Task brief :: Within the entries below, find the portion that opens with the line containing "#100=ORIENTED_EDGE('',*,*,#99,.T.);" and closes with the line containing "#144=ORIENTED_EDGE('',*,*,#143,.T.);". Retype that portion exactly and only.

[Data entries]
[Start of section]

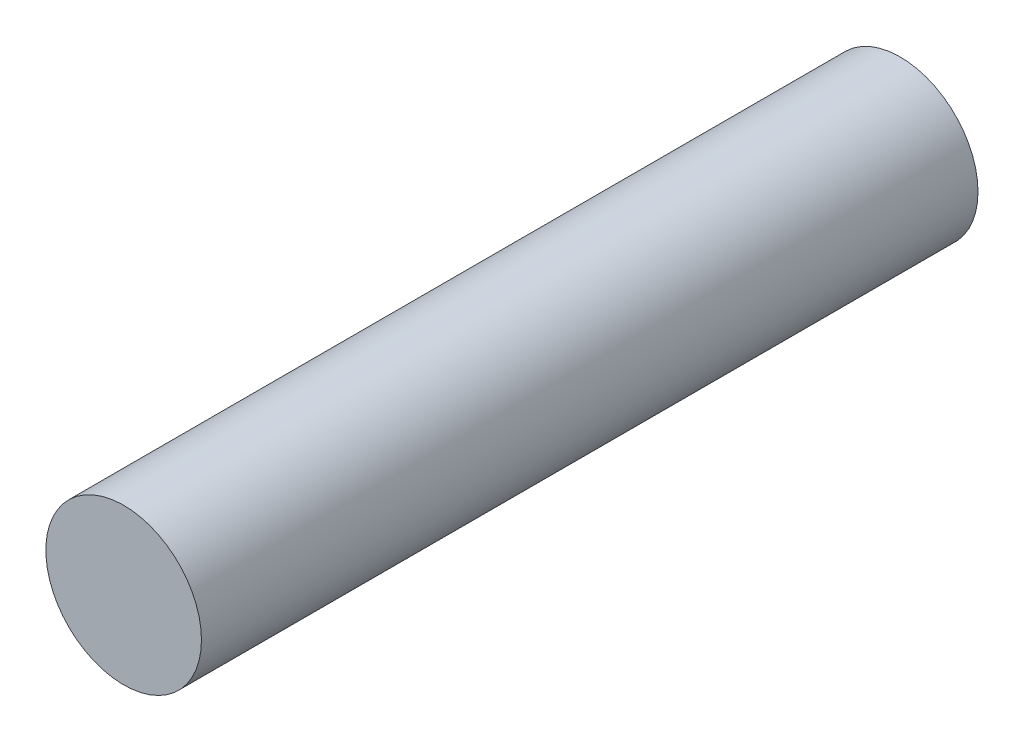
ISO-10303-21;
HEADER;
FILE_DESCRIPTION(('STEP AP214'),'2;1');
FILE_NAME('part.step','',(''),(''),'','','');
FILE_SCHEMA(('AUTOMOTIVE_DESIGN { 1 0 10303 214 1 1 1 1 }'));
ENDSEC;
DATA;
#1=APPLICATION_CONTEXT('core data for automotive mechanical design processes');
#2=APPLICATION_PROTOCOL_DEFINITION('international standard','automotive_design',2000,#1);
#3=PRODUCT_CONTEXT('',#1,'mechanical');
#4=PRODUCT('Part','Part','',(#3));
#5=PRODUCT_RELATED_PRODUCT_CATEGORY('part','',(#4));
#6=PRODUCT_DEFINITION_FORMATION('','',#4);
#7=PRODUCT_DEFINITION_CONTEXT('part definition',#1,'design');
#8=PRODUCT_DEFINITION('design','',#6,#7);
#9=PRODUCT_DEFINITION_SHAPE('','',#8);
#10=(LENGTH_UNIT() NAMED_UNIT(*) SI_UNIT(.MILLI.,.METRE.));
#11=(NAMED_UNIT(*) PLANE_ANGLE_UNIT() SI_UNIT($,.RADIAN.));
#12=(NAMED_UNIT(*) SI_UNIT($,.STERADIAN.) SOLID_ANGLE_UNIT());
#13=UNCERTAINTY_MEASURE_WITH_UNIT(LENGTH_MEASURE(1.E-05),#10,'distance_accuracy_value','');
#14=(GEOMETRIC_REPRESENTATION_CONTEXT(3) GLOBAL_UNCERTAINTY_ASSIGNED_CONTEXT((#13)) GLOBAL_UNIT_ASSIGNED_CONTEXT((#10,
#11,#12)) REPRESENTATION_CONTEXT('',''));
#15=CARTESIAN_POINT('',(0.,0.,0.));
#16=DIRECTION('',(0.,0.,1.));
#17=DIRECTION('',(1.,0.,0.));
#18=AXIS2_PLACEMENT_3D('',#15,#16,#17);
#19=CARTESIAN_POINT('',(0.,0.,-149.717743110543));
#20=DIRECTION('',(0.,0.,1.));
#21=DIRECTION('',(1.,0.,0.));
#22=AXIS2_PLACEMENT_3D('',#19,#20,#21);
#23=CYLINDRICAL_SURFACE('',#22,15.);
#24=CARTESIAN_POINT('',(0.,0.,-149.717743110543));
#25=DIRECTION('',(0.,0.,1.));
#26=DIRECTION('',(1.,0.,0.));
#27=AXIS2_PLACEMENT_3D('',#24,#25,#26);
#28=CIRCLE('',#27,15.);
#29=CARTESIAN_POINT('',(15.,0.,-149.717743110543));
#30=VERTEX_POINT('',#29);
#31=EDGE_CURVE('E10',#30,#30,#28,.T.);
#32=ORIENTED_EDGE('',*,*,#31,.T.);
#33=EDGE_LOOP('',(#32));
#34=FACE_BOUND('',#33,.T.);
#35=CARTESIAN_POINT('',(0.,0.,0.));
#36=DIRECTION('',(0.,0.,1.));
#37=DIRECTION('',(1.,0.,0.));
#38=AXIS2_PLACEMENT_3D('',#35,#36,#37);
#39=CIRCLE('',#38,15.);
#40=CARTESIAN_POINT('',(15.,0.,0.));
#41=VERTEX_POINT('',#40);
#42=EDGE_CURVE('E32',#41,#41,#39,.T.);
#43=ORIENTED_EDGE('',*,*,#42,.F.);
#44=EDGE_LOOP('',(#43));
#45=FACE_BOUND('',#44,.T.);
#46=ADVANCED_FACE('F26',(#34,#45),#23,.T.);
#47=CARTESIAN_POINT('',(0.,0.,-149.717743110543));
#48=DIRECTION('',(0.,0.,1.));
#49=DIRECTION('',(1.,0.,0.));
#50=AXIS2_PLACEMENT_3D('',#47,#48,#49);
#51=PLANE('',#50);
#52=ORIENTED_EDGE('',*,*,#31,.F.);
#53=EDGE_LOOP('',(#52));
#54=FACE_BOUND('',#53,.T.);
#55=ADVANCED_FACE('F41',(#54),#51,.F.);
#56=CARTESIAN_POINT('',(0.,0.,0.));
#57=DIRECTION('',(0.,0.,1.));
#58=DIRECTION('',(1.,0.,0.));
#59=AXIS2_PLACEMENT_3D('',#56,#57,#58);
#60=PLANE('',#59);
#61=ORIENTED_EDGE('',*,*,#42,.T.);
#62=EDGE_LOOP('',(#61));
#63=FACE_BOUND('',#62,.T.);
#64=ADVANCED_FACE('F38',(#63),#60,.T.);
#65=CLOSED_SHELL('',(#46,#55,#64));
#66=MANIFOLD_SOLID_BREP('B2',#65);
#67=ADVANCED_BREP_SHAPE_REPRESENTATION('',(#18,#66),#14);
#68=SHAPE_DEFINITION_REPRESENTATION(#9,#67);
ENDSEC;
END-ISO-10303-21;
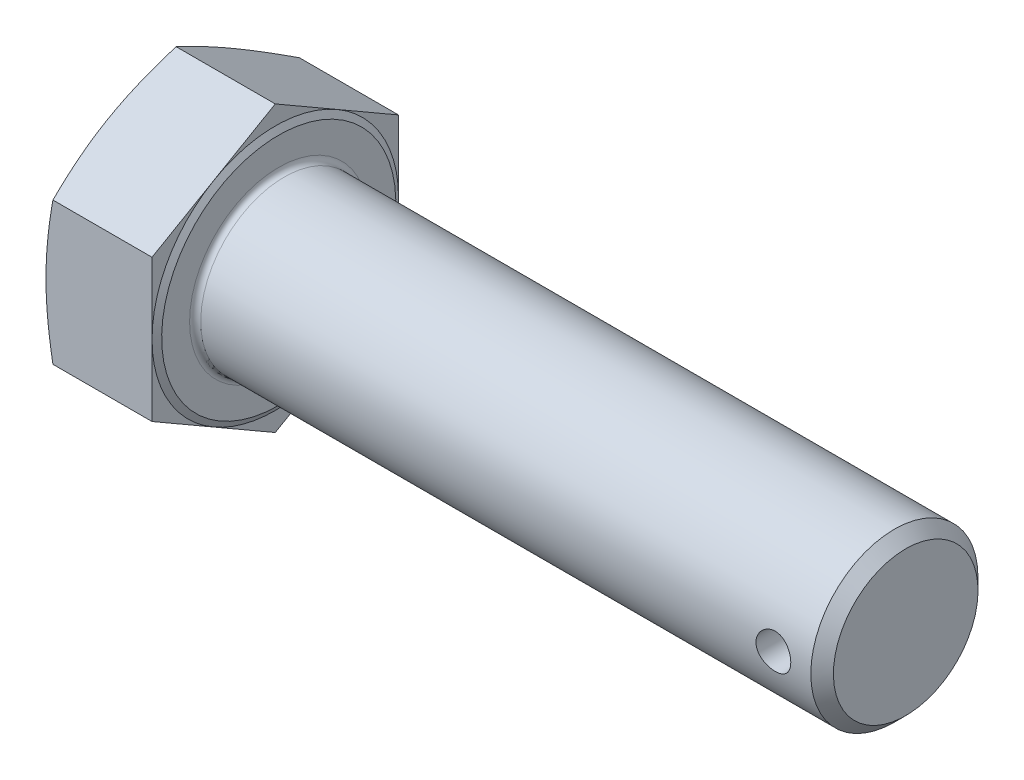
ISO-10303-21;
HEADER;
FILE_DESCRIPTION(('STEP AP214'),'2;1');
FILE_NAME('part.step','',(''),(''),'','','');
FILE_SCHEMA(('AUTOMOTIVE_DESIGN { 1 0 10303 214 1 1 1 1 }'));
ENDSEC;
DATA;
#1=APPLICATION_CONTEXT('core data for automotive mechanical design processes');
#2=APPLICATION_PROTOCOL_DEFINITION('international standard','automotive_design',2000,#1);
#3=PRODUCT_CONTEXT('',#1,'mechanical');
#4=PRODUCT('Part','Part','',(#3));
#5=PRODUCT_RELATED_PRODUCT_CATEGORY('part','',(#4));
#6=PRODUCT_DEFINITION_FORMATION('','',#4);
#7=PRODUCT_DEFINITION_CONTEXT('part definition',#1,'design');
#8=PRODUCT_DEFINITION('design','',#6,#7);
#9=PRODUCT_DEFINITION_SHAPE('','',#8);
#10=(LENGTH_UNIT() NAMED_UNIT(*) SI_UNIT(.MILLI.,.METRE.));
#11=(NAMED_UNIT(*) PLANE_ANGLE_UNIT() SI_UNIT($,.RADIAN.));
#12=(NAMED_UNIT(*) SI_UNIT($,.STERADIAN.) SOLID_ANGLE_UNIT());
#13=UNCERTAINTY_MEASURE_WITH_UNIT(LENGTH_MEASURE(1.E-05),#10,'distance_accuracy_value','');
#14=(GEOMETRIC_REPRESENTATION_CONTEXT(3) GLOBAL_UNCERTAINTY_ASSIGNED_CONTEXT((#13)) GLOBAL_UNIT_ASSIGNED_CONTEXT((#10,
#11,#12)) REPRESENTATION_CONTEXT('',''));
#15=CARTESIAN_POINT('',(0.,0.,0.));
#16=DIRECTION('',(0.,0.,1.));
#17=DIRECTION('',(1.,0.,0.));
#18=AXIS2_PLACEMENT_3D('',#15,#16,#17);
#19=CARTESIAN_POINT('',(15.72,0.,0.));
#20=DIRECTION('',(-1.,0.,0.));
#21=DIRECTION('',(0.,-1.,0.));
#22=AXIS2_PLACEMENT_3D('',#19,#20,#21);
#23=PLANE('',#22);
#24=CARTESIAN_POINT('',(15.72,0.,0.));
#25=DIRECTION('',(-1.,0.,0.));
#26=DIRECTION('',(0.,-1.,0.));
#27=AXIS2_PLACEMENT_3D('',#24,#25,#26);
#28=CIRCLE('',#27,12.8);
#29=CARTESIAN_POINT('',(15.72,-12.8,0.));
#30=VERTEX_POINT('',#29);
#31=EDGE_CURVE('E11',#30,#30,#28,.T.);
#32=ORIENTED_EDGE('',*,*,#31,.T.);
#33=EDGE_LOOP('',(#32));
#34=FACE_BOUND('',#33,.T.);
#35=CARTESIAN_POINT('',(15.72,0.,0.));
#36=DIRECTION('',(-1.,0.,0.));
#37=DIRECTION('',(0.,-1.,0.));
#38=AXIS2_PLACEMENT_3D('',#35,#36,#37);
#39=CIRCLE('',#38,16.805);
#40=CARTESIAN_POINT('',(15.72,-16.805,0.));
#41=VERTEX_POINT('',#40);
#42=EDGE_CURVE('E145',#41,#41,#39,.T.);
#43=ORIENTED_EDGE('',*,*,#42,.F.);
#44=EDGE_LOOP('',(#43));
#45=FACE_BOUND('',#44,.T.);
#46=ADVANCED_FACE('F32',(#34,#45),#23,.F.);
#47=CARTESIAN_POINT('',(15.22,-20.426652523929,0.));
#48=DIRECTION('',(1.,0.,0.));
#49=DIRECTION('',(0.,0.,-1.));
#50=AXIS2_PLACEMENT_3D('',#47,#48,#49);
#51=PLANE('',#50);
#52=DIRECTION('',(0.,-0.5,-0.866025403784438));
#53=VECTOR('',#52,1.);
#54=CARTESIAN_POINT('',(15.22,-10.2133262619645,17.69));
#55=LINE('',#54,#53);
#56=CARTESIAN_POINT('',(15.22,-10.2133262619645,17.69));
#57=VERTEX_POINT('',#56);
#58=CARTESIAN_POINT('',(15.22,-15.3199893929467,8.845));
#59=VERTEX_POINT('',#58);
#60=EDGE_CURVE('E144',#57,#59,#55,.T.);
#61=ORIENTED_EDGE('',*,*,#60,.T.);
#62=CARTESIAN_POINT('',(15.22,0.,0.));
#63=DIRECTION('',(-1.,0.,0.));
#64=DIRECTION('',(0.,-1.,0.));
#65=AXIS2_PLACEMENT_3D('',#62,#63,#64);
#66=CIRCLE('',#65,17.69);
#67=CARTESIAN_POINT('',(15.22,0.,17.69));
#68=VERTEX_POINT('',#67);
#69=EDGE_CURVE('E54',#59,#68,#66,.T.);
#70=ORIENTED_EDGE('',*,*,#69,.T.);
#71=DIRECTION('',(0.,-1.,0.));
#72=VECTOR('',#71,1.);
#73=CARTESIAN_POINT('',(15.22,10.2133262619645,17.69));
#74=LINE('',#73,#72);
#75=EDGE_CURVE('E141',#68,#57,#74,.T.);
#76=ORIENTED_EDGE('',*,*,#75,.T.);
#77=EDGE_LOOP('',(#61,#70,#76));
#78=FACE_BOUND('',#77,.T.);
#79=ADVANCED_FACE('F140',(#78),#51,.T.);
#80=CARTESIAN_POINT('',(15.22,10.2133262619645,17.69));
#81=VERTEX_POINT('',#80);
#82=EDGE_CURVE('E152',#81,#68,#74,.T.);
#83=ORIENTED_EDGE('',*,*,#82,.T.);
#84=CARTESIAN_POINT('',(15.22,15.3199893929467,8.84499999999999));
#85=VERTEX_POINT('',#84);
#86=EDGE_CURVE('E127',#68,#85,#66,.T.);
#87=ORIENTED_EDGE('',*,*,#86,.T.);
#88=DIRECTION('',(0.,-0.5,0.866025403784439));
#89=VECTOR('',#88,1.);
#90=CARTESIAN_POINT('',(15.22,20.426652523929,0.));
#91=LINE('',#90,#89);
#92=EDGE_CURVE('E158',#85,#81,#91,.T.);
#93=ORIENTED_EDGE('',*,*,#92,.T.);
#94=EDGE_LOOP('',(#83,#87,#93));
#95=FACE_BOUND('',#94,.T.);
#96=ADVANCED_FACE('F157',(#95),#51,.T.);
#97=CARTESIAN_POINT('',(15.22,20.426652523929,0.));
#98=VERTEX_POINT('',#97);
#99=EDGE_CURVE('E155',#98,#85,#91,.T.);
#100=ORIENTED_EDGE('',*,*,#99,.T.);
#101=CARTESIAN_POINT('',(15.22,15.3199893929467,-8.845));
#102=VERTEX_POINT('',#101);
#103=EDGE_CURVE('E131',#85,#102,#66,.T.);
#104=ORIENTED_EDGE('',*,*,#103,.T.);
#105=DIRECTION('',(0.,0.5,0.866025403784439));
#106=VECTOR('',#105,1.);
#107=CARTESIAN_POINT('',(15.22,10.2133262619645,-17.69));
#108=LINE('',#107,#106);
#109=EDGE_CURVE('E324',#102,#98,#108,.T.);
#110=ORIENTED_EDGE('',*,*,#109,.T.);
#111=EDGE_LOOP('',(#100,#104,#110));
#112=FACE_BOUND('',#111,.T.);
#113=ADVANCED_FACE('F336',(#112),#51,.T.);
#114=CARTESIAN_POINT('',(15.22,10.2133262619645,-17.69));
#115=VERTEX_POINT('',#114);
#116=EDGE_CURVE('E326',#115,#102,#108,.T.);
#117=ORIENTED_EDGE('',*,*,#116,.T.);
#118=CARTESIAN_POINT('',(15.22,0.,-17.69));
#119=VERTEX_POINT('',#118);
#120=EDGE_CURVE('E379',#102,#119,#66,.T.);
#121=ORIENTED_EDGE('',*,*,#120,.T.);
#122=DIRECTION('',(0.,1.,0.));
#123=VECTOR('',#122,1.);
#124=CARTESIAN_POINT('',(15.22,-10.2133262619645,-17.69));
#125=LINE('',#124,#123);
#126=EDGE_CURVE('E321',#119,#115,#125,.T.);
#127=ORIENTED_EDGE('',*,*,#126,.T.);
#128=EDGE_LOOP('',(#117,#121,#127));
#129=FACE_BOUND('',#128,.T.);
#130=ADVANCED_FACE('F380',(#129),#51,.T.);
#131=CARTESIAN_POINT('',(15.22,-10.2133262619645,-17.69));
#132=VERTEX_POINT('',#131);
#133=EDGE_CURVE('E319',#132,#119,#125,.T.);
#134=ORIENTED_EDGE('',*,*,#133,.T.);
#135=CARTESIAN_POINT('',(15.22,-15.3199893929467,-8.845));
#136=VERTEX_POINT('',#135);
#137=EDGE_CURVE('E363',#119,#136,#66,.T.);
#138=ORIENTED_EDGE('',*,*,#137,.T.);
#139=DIRECTION('',(0.,0.5,-0.866025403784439));
#140=VECTOR('',#139,1.);
#141=CARTESIAN_POINT('',(15.22,-20.426652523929,0.));
#142=LINE('',#141,#140);
#143=EDGE_CURVE('E377',#136,#132,#142,.T.);
#144=ORIENTED_EDGE('',*,*,#143,.T.);
#145=EDGE_LOOP('',(#134,#138,#144));
#146=FACE_BOUND('',#145,.T.);
#147=ADVANCED_FACE('F378',(#146),#51,.T.);
#148=CARTESIAN_POINT('',(15.22,-20.426652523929,0.));
#149=VERTEX_POINT('',#148);
#150=EDGE_CURVE('E327',#149,#136,#142,.T.);
#151=ORIENTED_EDGE('',*,*,#150,.T.);
#152=EDGE_CURVE('E146',#136,#59,#66,.T.);
#153=ORIENTED_EDGE('',*,*,#152,.T.);
#154=EDGE_CURVE('E372',#59,#149,#55,.T.);
#155=ORIENTED_EDGE('',*,*,#154,.T.);
#156=EDGE_LOOP('',(#151,#153,#155));
#157=FACE_BOUND('',#156,.T.);
#158=ADVANCED_FACE('F224',(#157),#51,.T.);
#159=CARTESIAN_POINT('',(15.22,-10.2133262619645,17.69));
#160=DIRECTION('',(0.,0.866025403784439,-0.5));
#161=DIRECTION('',(0.,0.5,0.866025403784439));
#162=AXIS2_PLACEMENT_3D('',#159,#160,#161);
#163=PLANE('',#162);
#164=CARTESIAN_POINT('',(0.996102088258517,-20.4267679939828,-0.000199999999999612));
#165=CARTESIAN_POINT('',(0.919123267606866,-20.2152555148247,0.366150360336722));
#166=CARTESIAN_POINT('',(0.845606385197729,-20.0034321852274,0.73303912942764));
#167=CARTESIAN_POINT('',(0.706258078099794,-19.5791349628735,1.46794347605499));
#168=CARTESIAN_POINT('',(0.640427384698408,-19.366661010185,1.83595915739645));
#169=CARTESIAN_POINT('',(0.455543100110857,-18.7279861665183,2.94217643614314));
#170=CARTESIAN_POINT('',(0.349205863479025,-18.3008246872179,3.68204182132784));
#171=CARTESIAN_POINT('',(0.219971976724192,-17.6606185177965,4.79091143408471));
#172=CARTESIAN_POINT('',(0.182048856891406,-17.4483124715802,5.15863629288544));
#173=CARTESIAN_POINT('',(0.116558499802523,-17.0233039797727,5.89477259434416));
#174=CARTESIAN_POINT('',(0.0889908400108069,-16.8106015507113,6.26318400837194));
#175=CARTESIAN_POINT('',(0.0446929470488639,-16.3849872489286,7.00036960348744));
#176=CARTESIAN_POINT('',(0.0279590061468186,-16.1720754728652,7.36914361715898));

[End of section]

Answer to this task ::
#100=ORIENTED_EDGE('',*,*,#99,.T.);
#101=CARTESIAN_POINT('',(15.22,15.3199893929467,-8.845));
#102=VERTEX_POINT('',#101);
#103=EDGE_CURVE('E131',#85,#102,#66,.T.);
#104=ORIENTED_EDGE('',*,*,#103,.T.);
#105=DIRECTION('',(0.,0.5,0.866025403784439));
#106=VECTOR('',#105,1.);
#107=CARTESIAN_POINT('',(15.22,10.2133262619645,-17.69));
#108=LINE('',#107,#106);
#109=EDGE_CURVE('E324',#102,#98,#108,.T.);
#110=ORIENTED_EDGE('',*,*,#109,.T.);
#111=EDGE_LOOP('',(#100,#104,#110));
#112=FACE_BOUND('',#111,.T.);
#113=ADVANCED_FACE('F336',(#112),#51,.T.);
#114=CARTESIAN_POINT('',(15.22,10.2133262619645,-17.69));
#115=VERTEX_POINT('',#114);
#116=EDGE_CURVE('E326',#115,#102,#108,.T.);
#117=ORIENTED_EDGE('',*,*,#116,.T.);
#118=CARTESIAN_POINT('',(15.22,0.,-17.69));
#119=VERTEX_POINT('',#118);
#120=EDGE_CURVE('E379',#102,#119,#66,.T.);
#121=ORIENTED_EDGE('',*,*,#120,.T.);
#122=DIRECTION('',(0.,1.,0.));
#123=VECTOR('',#122,1.);
#124=CARTESIAN_POINT('',(15.22,-10.2133262619645,-17.69));
#125=LINE('',#124,#123);
#126=EDGE_CURVE('E321',#119,#115,#125,.T.);
#127=ORIENTED_EDGE('',*,*,#126,.T.);
#128=EDGE_LOOP('',(#117,#121,#127));
#129=FACE_BOUND('',#128,.T.);
#130=ADVANCED_FACE('F380',(#129),#51,.T.);
#131=CARTESIAN_POINT('',(15.22,-10.2133262619645,-17.69));
#132=VERTEX_POINT('',#131);
#133=EDGE_CURVE('E319',#132,#119,#125,.T.);
#134=ORIENTED_EDGE('',*,*,#133,.T.);
#135=CARTESIAN_POINT('',(15.22,-15.3199893929467,-8.845));
#136=VERTEX_POINT('',#135);
#137=EDGE_CURVE('E363',#119,#136,#66,.T.);
#138=ORIENTED_EDGE('',*,*,#137,.T.);
#139=DIRECTION('',(0.,0.5,-0.866025403784439));
#140=VECTOR('',#139,1.);
#141=CARTESIAN_POINT('',(15.22,-20.426652523929,0.));
#142=LINE('',#141,#140);
#143=EDGE_CURVE('E377',#136,#132,#142,.T.);
#144=ORIENTED_EDGE('',*,*,#143,.T.);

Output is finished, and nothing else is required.